Celem corocznych podwyżek miało być zahamowanie odpływu kadr medycznych do sektora prywatnego i zainteresowanie młodych ludzi zawodami medycznymi. Oba założenia udało się spełnić, ale za wysoką cenę – w niektórych szpitalach koszt wynagrodzeń personelu pochłania nawet 90 procent budżetu placówki.

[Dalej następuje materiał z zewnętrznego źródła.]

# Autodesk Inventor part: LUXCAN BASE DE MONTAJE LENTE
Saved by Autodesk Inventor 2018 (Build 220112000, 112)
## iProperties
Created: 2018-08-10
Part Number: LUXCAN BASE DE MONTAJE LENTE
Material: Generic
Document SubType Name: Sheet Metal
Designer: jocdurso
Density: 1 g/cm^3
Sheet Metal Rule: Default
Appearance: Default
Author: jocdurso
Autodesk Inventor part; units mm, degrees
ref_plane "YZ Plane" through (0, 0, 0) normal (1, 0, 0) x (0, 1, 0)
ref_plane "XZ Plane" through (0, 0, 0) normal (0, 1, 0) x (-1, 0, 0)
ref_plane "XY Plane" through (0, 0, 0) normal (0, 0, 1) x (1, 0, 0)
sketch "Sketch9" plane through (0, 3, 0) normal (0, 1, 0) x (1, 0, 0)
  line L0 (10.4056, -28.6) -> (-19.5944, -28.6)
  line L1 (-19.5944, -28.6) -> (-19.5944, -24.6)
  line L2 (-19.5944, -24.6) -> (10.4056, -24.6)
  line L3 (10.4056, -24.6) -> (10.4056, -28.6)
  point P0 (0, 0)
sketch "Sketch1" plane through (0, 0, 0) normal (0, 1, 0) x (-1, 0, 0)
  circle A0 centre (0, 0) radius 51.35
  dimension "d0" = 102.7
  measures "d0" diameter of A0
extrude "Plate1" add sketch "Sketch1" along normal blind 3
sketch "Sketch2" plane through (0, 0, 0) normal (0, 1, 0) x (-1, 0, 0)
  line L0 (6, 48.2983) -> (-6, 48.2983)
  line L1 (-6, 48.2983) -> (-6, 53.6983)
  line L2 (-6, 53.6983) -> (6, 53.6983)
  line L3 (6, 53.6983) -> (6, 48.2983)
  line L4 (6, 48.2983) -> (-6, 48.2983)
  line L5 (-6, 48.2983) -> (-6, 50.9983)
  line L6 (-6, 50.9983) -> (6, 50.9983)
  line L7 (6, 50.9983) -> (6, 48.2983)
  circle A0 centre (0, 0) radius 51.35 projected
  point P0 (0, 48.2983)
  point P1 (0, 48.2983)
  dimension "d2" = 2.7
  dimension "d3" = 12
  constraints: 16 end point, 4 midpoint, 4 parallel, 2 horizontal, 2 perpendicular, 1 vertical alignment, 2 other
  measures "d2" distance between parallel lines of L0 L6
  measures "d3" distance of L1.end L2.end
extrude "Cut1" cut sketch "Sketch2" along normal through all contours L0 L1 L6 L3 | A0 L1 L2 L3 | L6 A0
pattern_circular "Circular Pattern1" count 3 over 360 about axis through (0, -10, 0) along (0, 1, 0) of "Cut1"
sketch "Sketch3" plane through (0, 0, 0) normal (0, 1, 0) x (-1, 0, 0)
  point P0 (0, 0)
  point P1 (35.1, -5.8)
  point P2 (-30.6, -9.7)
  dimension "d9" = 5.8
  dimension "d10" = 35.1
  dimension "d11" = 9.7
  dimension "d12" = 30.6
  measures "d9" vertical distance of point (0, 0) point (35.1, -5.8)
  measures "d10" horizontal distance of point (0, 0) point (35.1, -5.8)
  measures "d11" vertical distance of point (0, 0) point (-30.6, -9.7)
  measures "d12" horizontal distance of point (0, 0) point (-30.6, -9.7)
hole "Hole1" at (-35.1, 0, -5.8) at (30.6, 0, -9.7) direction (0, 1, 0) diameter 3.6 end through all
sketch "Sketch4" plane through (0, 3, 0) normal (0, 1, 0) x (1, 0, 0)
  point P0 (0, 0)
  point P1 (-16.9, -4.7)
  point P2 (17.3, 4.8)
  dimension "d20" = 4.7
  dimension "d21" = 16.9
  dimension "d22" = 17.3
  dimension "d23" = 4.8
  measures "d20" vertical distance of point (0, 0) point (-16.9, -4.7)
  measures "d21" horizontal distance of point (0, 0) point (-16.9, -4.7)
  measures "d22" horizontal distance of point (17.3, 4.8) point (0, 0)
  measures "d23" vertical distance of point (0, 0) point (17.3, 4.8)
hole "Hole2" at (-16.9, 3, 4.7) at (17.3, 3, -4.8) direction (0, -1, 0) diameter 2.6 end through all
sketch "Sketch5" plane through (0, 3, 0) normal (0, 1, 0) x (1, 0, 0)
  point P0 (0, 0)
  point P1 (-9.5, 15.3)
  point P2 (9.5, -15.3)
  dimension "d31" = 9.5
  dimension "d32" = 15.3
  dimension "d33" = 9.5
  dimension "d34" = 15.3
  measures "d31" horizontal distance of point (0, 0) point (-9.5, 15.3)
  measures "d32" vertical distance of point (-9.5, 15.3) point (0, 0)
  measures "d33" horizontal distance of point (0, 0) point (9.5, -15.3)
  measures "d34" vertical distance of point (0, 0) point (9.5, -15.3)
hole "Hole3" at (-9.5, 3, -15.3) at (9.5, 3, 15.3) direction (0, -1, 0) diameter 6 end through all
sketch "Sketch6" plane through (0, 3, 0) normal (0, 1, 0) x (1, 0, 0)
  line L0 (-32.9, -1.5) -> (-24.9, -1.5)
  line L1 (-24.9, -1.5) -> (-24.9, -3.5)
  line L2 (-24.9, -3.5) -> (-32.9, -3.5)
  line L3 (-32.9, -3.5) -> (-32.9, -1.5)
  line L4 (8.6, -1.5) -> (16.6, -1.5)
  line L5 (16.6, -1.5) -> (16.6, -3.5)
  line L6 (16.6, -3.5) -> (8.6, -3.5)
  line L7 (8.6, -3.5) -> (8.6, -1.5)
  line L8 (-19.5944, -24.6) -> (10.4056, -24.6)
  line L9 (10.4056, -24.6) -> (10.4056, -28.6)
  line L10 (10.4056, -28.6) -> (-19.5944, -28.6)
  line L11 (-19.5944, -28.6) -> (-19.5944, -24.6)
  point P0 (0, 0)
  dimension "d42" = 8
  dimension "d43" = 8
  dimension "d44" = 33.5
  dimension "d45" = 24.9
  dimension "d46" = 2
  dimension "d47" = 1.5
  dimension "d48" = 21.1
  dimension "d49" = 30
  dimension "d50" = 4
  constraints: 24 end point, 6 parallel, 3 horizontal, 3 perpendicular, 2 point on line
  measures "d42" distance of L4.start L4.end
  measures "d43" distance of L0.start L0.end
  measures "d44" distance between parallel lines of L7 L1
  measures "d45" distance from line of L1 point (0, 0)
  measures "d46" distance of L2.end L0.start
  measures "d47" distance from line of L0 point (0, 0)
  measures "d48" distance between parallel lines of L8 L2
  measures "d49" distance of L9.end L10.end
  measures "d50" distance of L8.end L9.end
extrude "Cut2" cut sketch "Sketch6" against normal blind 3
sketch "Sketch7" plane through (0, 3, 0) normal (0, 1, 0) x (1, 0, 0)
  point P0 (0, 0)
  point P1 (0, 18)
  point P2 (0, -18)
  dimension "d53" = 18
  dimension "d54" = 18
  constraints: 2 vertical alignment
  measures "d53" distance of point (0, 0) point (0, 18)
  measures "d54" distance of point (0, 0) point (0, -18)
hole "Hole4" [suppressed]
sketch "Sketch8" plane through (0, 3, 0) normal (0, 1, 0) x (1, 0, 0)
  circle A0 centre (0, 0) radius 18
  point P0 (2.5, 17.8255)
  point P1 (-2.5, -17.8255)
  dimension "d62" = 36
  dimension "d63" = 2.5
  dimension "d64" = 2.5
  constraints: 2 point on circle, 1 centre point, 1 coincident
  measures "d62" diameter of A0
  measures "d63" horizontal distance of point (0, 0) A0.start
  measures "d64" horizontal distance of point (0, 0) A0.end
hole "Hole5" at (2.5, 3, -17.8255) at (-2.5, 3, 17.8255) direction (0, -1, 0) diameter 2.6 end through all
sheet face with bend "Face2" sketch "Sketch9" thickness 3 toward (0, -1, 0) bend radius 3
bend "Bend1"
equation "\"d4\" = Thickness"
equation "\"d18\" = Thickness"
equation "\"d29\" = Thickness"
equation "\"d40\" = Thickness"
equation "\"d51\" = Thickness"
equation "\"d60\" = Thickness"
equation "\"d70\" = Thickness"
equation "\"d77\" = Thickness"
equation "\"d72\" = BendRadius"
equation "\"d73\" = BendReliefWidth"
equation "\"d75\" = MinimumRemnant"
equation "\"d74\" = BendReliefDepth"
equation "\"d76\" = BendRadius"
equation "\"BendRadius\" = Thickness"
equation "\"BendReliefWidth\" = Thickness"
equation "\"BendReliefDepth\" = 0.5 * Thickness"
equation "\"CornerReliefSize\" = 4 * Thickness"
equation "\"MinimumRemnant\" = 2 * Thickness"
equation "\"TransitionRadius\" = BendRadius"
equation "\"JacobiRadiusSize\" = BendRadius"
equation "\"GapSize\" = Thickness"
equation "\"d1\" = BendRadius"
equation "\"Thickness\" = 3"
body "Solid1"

I o ile nikt nie ma wątpliwości, że za ciężką i odpowiedzialną pracę należy się odpowiednie wynagrodzenie, to nie da się pominąć pytania, czy ich koszty muszą ponosić pacjenci.
Podczas sesji otwarcia ubiegłotygodniowego Kongresu Wyzwań Zdrowotnych jeden z panelistów zadał pytanie, czy składka zdrowotna nie powinna zależeć od postaw prozdrowotnych obywatela. Wskazał, że może słuszne byłoby obniżenie składki dla osób, które dbają o profilaktykę. I odwrotnie – wyższą składką mieliby zostać obciążeni obywatele, nadużywający szkodliwych substancji. Panelista wymienił alkohol, nikotynę i nadmierne spożycie cukru.
Jasnej odpowiedzi nie uzyskał. Dyskusja toczyła się dalej. W przerwie udałam się do bufetu kawowego, przygotowanego przez organizatorów. Oprócz gorących napojów dla uczestników dostępne były przekąski: pączki z lukrem, serniczki z czekoladą, croissanty z różnorodnym nadzieniem. Tak – wszystkie serwowane przekąski zawierały dużą ilość cukru. Nie było żadnych owoców, kanapek – nic, co spełniałoby kryteria zdrowej żywności. Przypomniałam sobie sugestię, żeby osoby nadużywające cukru obciążyć wyższą składką zdrowotną. Lekarzu, ulecz sam siebie…
Ten obrazek z Kongresu Wyzwań Zdrowotnych wydaje mi się świetną ilustracją tego, co dziś dzieje się w ochronie zdrowia. Wszyscy wiedzą, że system wymaga radykalnej, głębokiej i wielopłaszczyznowej reformy – bez niej wpompowywanie kolejnych miliardów na niewiele się zda. Decydenci „pochylają się z troską” nad problemami, ze zrozumieniem kiwają głowami… a później wracają do dawnych przyzwyczajeń. A jeśli trzeba dokonać jakichś cięć, to najlepiej zrobić to kosztem pacjentów. Oni się nie upomną, nie zbuntują. Chorzy rzadko mają na to siłę.